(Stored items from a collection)

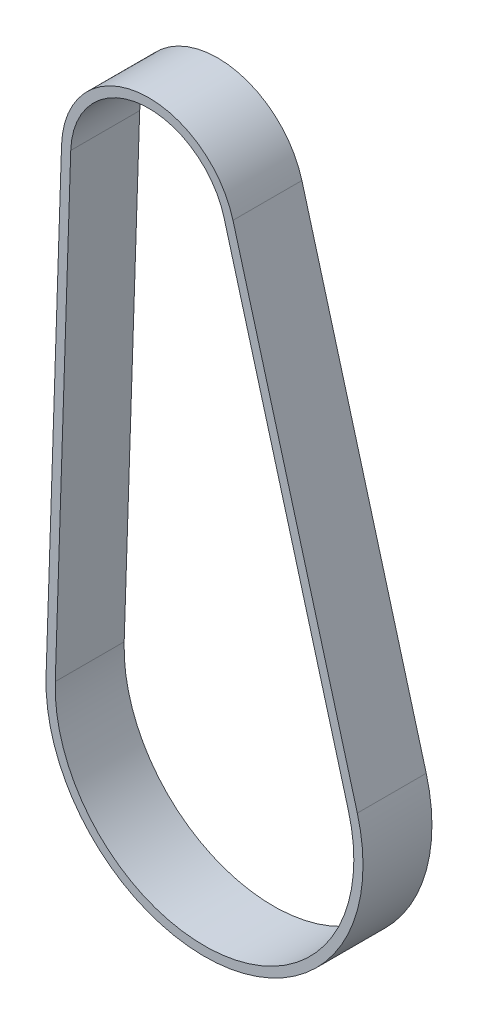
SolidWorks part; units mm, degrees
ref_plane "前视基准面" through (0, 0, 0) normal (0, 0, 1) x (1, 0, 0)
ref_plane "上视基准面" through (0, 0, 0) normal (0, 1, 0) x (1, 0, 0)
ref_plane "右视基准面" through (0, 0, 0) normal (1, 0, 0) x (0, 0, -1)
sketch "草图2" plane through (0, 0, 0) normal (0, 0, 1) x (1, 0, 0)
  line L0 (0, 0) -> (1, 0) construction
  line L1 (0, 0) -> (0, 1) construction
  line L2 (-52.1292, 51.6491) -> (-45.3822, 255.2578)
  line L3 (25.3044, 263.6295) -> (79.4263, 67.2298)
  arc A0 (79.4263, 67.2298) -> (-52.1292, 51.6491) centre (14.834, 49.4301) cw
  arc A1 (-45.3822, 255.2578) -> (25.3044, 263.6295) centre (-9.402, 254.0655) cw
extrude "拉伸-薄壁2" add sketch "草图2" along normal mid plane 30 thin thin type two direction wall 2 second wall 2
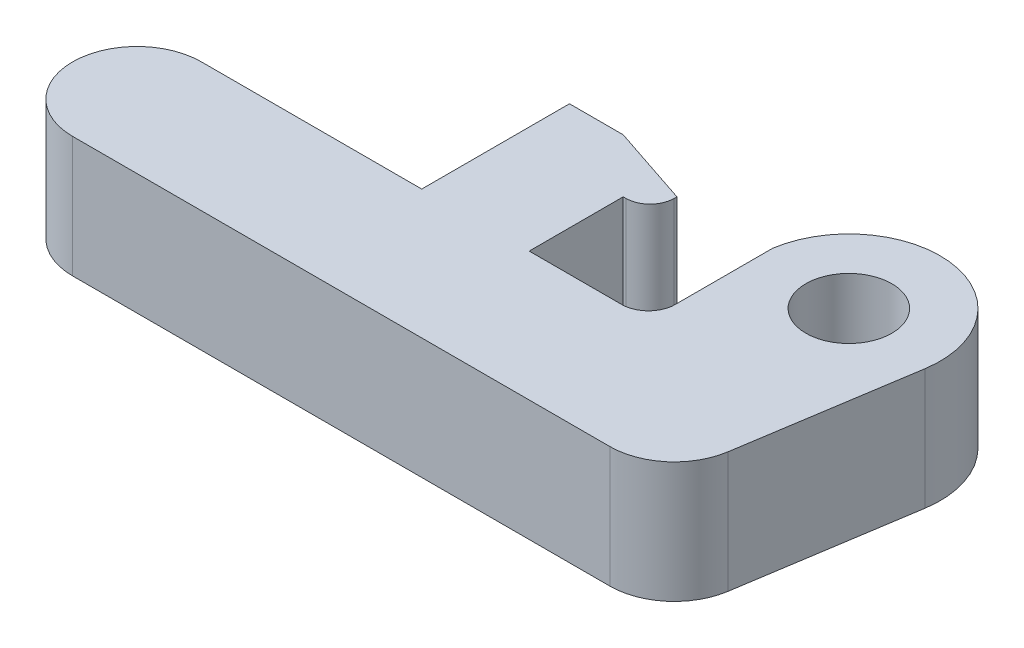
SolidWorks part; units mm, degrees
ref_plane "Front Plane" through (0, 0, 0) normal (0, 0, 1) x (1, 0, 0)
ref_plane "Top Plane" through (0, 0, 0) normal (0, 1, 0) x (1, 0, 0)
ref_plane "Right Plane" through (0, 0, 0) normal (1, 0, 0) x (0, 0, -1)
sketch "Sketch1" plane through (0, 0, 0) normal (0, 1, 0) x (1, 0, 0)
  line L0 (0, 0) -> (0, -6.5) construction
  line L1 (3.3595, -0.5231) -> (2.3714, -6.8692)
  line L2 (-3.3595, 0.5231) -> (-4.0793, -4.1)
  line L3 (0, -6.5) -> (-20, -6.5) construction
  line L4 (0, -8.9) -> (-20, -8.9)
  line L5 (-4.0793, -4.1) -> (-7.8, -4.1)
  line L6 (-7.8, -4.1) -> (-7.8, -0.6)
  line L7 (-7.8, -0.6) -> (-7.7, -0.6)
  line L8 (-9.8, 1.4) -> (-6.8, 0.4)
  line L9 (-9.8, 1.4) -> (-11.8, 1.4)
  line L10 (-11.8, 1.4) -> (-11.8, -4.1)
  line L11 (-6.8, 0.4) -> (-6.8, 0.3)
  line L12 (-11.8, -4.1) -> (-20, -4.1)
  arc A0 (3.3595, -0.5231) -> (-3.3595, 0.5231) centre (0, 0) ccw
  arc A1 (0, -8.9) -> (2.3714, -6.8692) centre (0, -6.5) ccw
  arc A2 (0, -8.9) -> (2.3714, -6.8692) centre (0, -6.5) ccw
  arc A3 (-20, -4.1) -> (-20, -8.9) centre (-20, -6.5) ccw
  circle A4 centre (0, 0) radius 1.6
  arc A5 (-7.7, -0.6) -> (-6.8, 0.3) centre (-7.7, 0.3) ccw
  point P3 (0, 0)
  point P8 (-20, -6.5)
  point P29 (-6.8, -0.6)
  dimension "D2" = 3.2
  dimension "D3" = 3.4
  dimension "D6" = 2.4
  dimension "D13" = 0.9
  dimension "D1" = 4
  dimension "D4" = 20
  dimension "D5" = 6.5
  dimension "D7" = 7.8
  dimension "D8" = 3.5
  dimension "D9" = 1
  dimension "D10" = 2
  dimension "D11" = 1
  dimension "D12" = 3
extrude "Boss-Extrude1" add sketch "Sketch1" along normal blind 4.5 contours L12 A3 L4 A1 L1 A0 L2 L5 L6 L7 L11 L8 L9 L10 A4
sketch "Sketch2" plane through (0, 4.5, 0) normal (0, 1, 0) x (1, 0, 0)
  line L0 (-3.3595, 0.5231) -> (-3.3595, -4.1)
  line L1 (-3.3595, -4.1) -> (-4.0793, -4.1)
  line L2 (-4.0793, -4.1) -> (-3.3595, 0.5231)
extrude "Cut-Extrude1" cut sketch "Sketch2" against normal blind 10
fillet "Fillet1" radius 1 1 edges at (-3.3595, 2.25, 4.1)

How to complete this task: Within the entries above, some lines may contain "radius". Report how many, and nothing else.

Written reply: 2